START Dataset
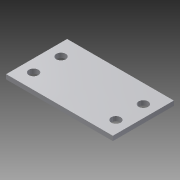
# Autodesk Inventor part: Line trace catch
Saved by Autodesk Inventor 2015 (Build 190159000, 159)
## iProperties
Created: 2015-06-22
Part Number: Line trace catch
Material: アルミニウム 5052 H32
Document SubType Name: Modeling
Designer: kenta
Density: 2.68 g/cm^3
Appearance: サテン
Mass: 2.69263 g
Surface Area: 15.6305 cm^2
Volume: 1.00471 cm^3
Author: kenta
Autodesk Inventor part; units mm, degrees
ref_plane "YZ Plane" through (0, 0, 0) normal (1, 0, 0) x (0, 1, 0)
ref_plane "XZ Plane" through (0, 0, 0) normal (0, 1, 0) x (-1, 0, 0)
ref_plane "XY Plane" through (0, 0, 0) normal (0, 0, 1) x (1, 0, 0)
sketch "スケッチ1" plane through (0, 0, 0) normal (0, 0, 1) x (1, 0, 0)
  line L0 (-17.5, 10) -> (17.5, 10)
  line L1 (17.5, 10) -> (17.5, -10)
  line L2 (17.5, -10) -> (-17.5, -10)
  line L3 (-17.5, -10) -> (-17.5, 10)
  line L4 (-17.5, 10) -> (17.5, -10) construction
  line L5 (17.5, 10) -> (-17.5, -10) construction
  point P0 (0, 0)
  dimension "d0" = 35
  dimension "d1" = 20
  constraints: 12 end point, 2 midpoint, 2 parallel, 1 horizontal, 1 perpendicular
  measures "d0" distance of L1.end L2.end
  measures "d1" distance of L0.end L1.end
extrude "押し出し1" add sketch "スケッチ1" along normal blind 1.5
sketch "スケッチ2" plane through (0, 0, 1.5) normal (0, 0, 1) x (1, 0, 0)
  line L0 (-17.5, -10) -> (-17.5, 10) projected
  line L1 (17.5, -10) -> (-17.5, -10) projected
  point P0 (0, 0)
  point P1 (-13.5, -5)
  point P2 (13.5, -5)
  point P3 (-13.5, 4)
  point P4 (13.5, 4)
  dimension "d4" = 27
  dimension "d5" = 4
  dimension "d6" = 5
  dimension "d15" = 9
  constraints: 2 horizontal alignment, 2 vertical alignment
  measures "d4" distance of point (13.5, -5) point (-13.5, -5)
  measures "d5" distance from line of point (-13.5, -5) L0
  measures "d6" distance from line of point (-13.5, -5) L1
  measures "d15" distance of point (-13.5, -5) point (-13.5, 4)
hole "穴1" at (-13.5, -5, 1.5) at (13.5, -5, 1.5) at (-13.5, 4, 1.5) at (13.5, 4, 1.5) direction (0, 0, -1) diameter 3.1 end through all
END Dataset
» **Problem statement**
Give back exactly the lines from the one containing "point (-13.5, 4)" through the end of the material above, and nothing else.

» **Result**
  measures "d15" distance of point (-13.5, -5) point (-13.5, 4)
hole "穴1" at (-13.5, -5, 1.5) at (13.5, -5, 1.5) at (-13.5, 4, 1.5) at (13.5, 4, 1.5) direction (0, 0, -1) diameter 3.1 end through all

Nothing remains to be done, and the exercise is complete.